Entweder man glaubte, oder man glaubte nicht. Caroline jedenfalls glaubte kein
Wort von der Geschichte Bernadettes. Nicht einmal das heilende Wasser von
Lourdes war das, was es versprach. Caroline hatte gelesen, dass in
wissenschaftlichen Untersuchungen keine außergewöhnliche Mineralstoffzusammensetzung
des Quellwassers festgestellt worden war. Im allgemeinen Sprachgebrauch nannte
man das, was man da untersucht hatte, Trinkwasser. Aber wenn Menschen an die
Geschichte der Bernadette glaubten oder ihre Herberge nach ihr benennen
wollten, sollte das Caroline recht sein.
Judiths
Jubelschrei riss sie aus ihren Gedanken. »Sainte Marie! Wir sind wieder auf
Arnes Route.« Strahlend hüpfte Judith von der Ladefläche. Sie konnte ihr
unerwartetes Glück kaum fassen. »Wir werden dort schlafen, wo Arne die Nacht
verbracht hat. Es war vielleicht nicht exakt die Strecke, die er gegangen ist,
aber wir sind wieder auf seinem Weg. Ihr werdet es toll finden«, versprach sie
ihren Freundinnen. »Arne hat es geliebt.
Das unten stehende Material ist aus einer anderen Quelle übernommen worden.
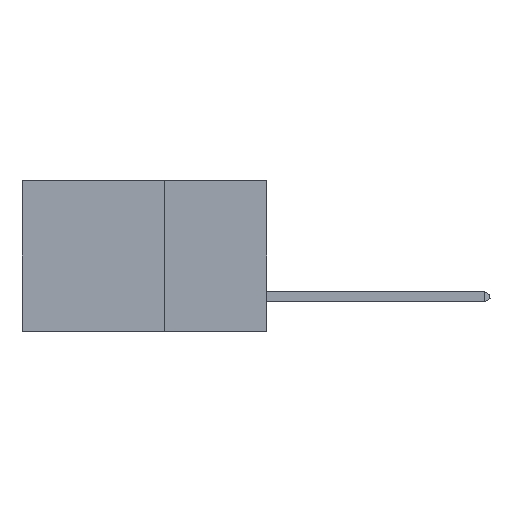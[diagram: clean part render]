
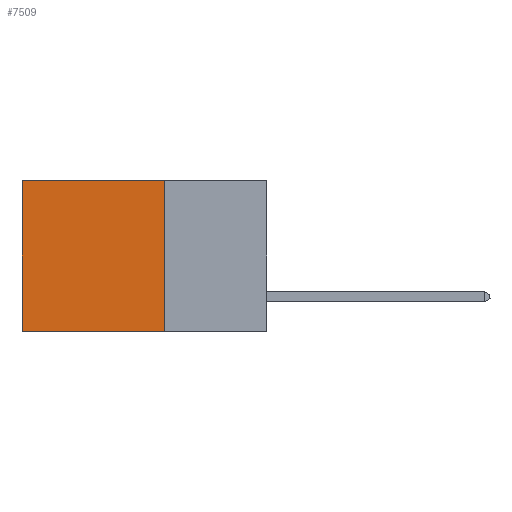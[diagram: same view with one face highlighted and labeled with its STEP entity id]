
A CAD part, left-side view. The second image highlights one B-rep face of the part: STEP entity #7509.
In plain terms, the highlighted planar face has unit normal (-1, 0, 0).
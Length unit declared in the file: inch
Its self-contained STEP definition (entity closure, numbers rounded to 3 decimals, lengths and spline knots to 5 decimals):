
#1411 = CARTESIAN_POINT ( 'NONE',  ( 0.2875, 0.25, 0. ) ) ;
#1677 = CARTESIAN_POINT ( 'NONE',  ( 0.2875, 0.6, 0. ) ) ;
#1852 = LINE ( 'NONE', #1411, #11043 ) ;
#1889 = ORIENTED_EDGE ( 'NONE', *, *, #8693, .F. ) ;
#2350 = VERTEX_POINT ( 'NONE', #13436 ) ;
#3601 = CARTESIAN_POINT ( 'NONE',  ( 0.2875, 0.6, 0. ) ) ;
#3714 = DIRECTION ( 'NONE',  ( 1., 0., 0. ) ) ;
#3783 = EDGE_CURVE ( 'NONE', #14357, #2350, #17321, .T. ) ;
#5985 = PLANE ( 'NONE',  #14169 ) ;
#6083 = FACE_OUTER_BOUND ( 'NONE', #12324, .T. ) ;
#7339 = DIRECTION ( 'NONE',  ( 0., 0., -1. ) ) ;
#7509 = ADVANCED_FACE ( 'NONE', ( #6083 ), #5985, .F. ) ;
#8693 = EDGE_CURVE ( 'NONE', #2350, #17240, #17172, .T. ) ;
#9325 = VECTOR ( 'NONE', #10494, 39.37008 ) ;
#9845 = EDGE_CURVE ( 'NONE', #14906, #17240, #13775, .T. ) ;
#10494 = DIRECTION ( 'NONE',  ( 0., 0., -1. ) ) ;
#10930 = DIRECTION ( 'NONE',  ( 0., 1., 0. ) ) ;
#11043 = VECTOR ( 'NONE', #10930, 39.37008 ) ;
#11442 = VECTOR ( 'NONE', #7339, 39.37008 ) ;
#11588 = ORIENTED_EDGE ( 'NONE', *, *, #9845, .T. ) ;
#12187 = CARTESIAN_POINT ( 'NONE',  ( 0.2875, 0.25, -0.37 ) ) ;
#12324 = EDGE_LOOP ( 'NONE', ( #11588, #1889, #17151, #12916 ) ) ;
#12626 = CARTESIAN_POINT ( 'NONE',  ( 0.2875, 0.25, 0. ) ) ;
#12916 = ORIENTED_EDGE ( 'NONE', *, *, #16933, .T. ) ;
#13436 = CARTESIAN_POINT ( 'NONE',  ( 0.2875, 0.25, -0.37 ) ) ;
#13614 = VECTOR ( 'NONE', #13902, 39.37008 ) ;
#13775 = LINE ( 'NONE', #3601, #9325 ) ;
#13902 = DIRECTION ( 'NONE',  ( 0., 1., 0. ) ) ;
#14169 = AXIS2_PLACEMENT_3D ( 'NONE', #16856, #3714, #17369 ) ;
#14357 = VERTEX_POINT ( 'NONE', #16355 ) ;
#14906 = VERTEX_POINT ( 'NONE', #1677 ) ;
#16243 = CARTESIAN_POINT ( 'NONE',  ( 0.2875, 0.6, -0.37 ) ) ;
#16355 = CARTESIAN_POINT ( 'NONE',  ( 0.2875, 0.25, 0. ) ) ;
#16856 = CARTESIAN_POINT ( 'NONE',  ( 0.2875, 0.25, 0. ) ) ;
#16933 = EDGE_CURVE ( 'NONE', #14357, #14906, #1852, .T. ) ;
#17151 = ORIENTED_EDGE ( 'NONE', *, *, #3783, .F. ) ;
#17172 = LINE ( 'NONE', #12187, #13614 ) ;
#17240 = VERTEX_POINT ( 'NONE', #16243 ) ;
#17321 = LINE ( 'NONE', #12626, #11442 ) ;
#17369 = DIRECTION ( 'NONE',  ( 0., 0., -1. ) ) ;

Sie haben einen Weinkeller, herrliche
weiche Betten, großzügige Badezimmer. Genau das Richtige nach einem langen
Wandertag. Arne wollte nicht mehr weg.«
Die
Modulation in ihrer Stimme war zurückgekehrt. Die Verunsicherung, die sich
während der ersten Etappe bei Judith breitgemacht hatte, war wie weggeblasen.
Sie waren auf Arnes Pilgerstrecke angekommen und Judith war bereit, wieder die
Führung zu übernehmen. Alles war gut.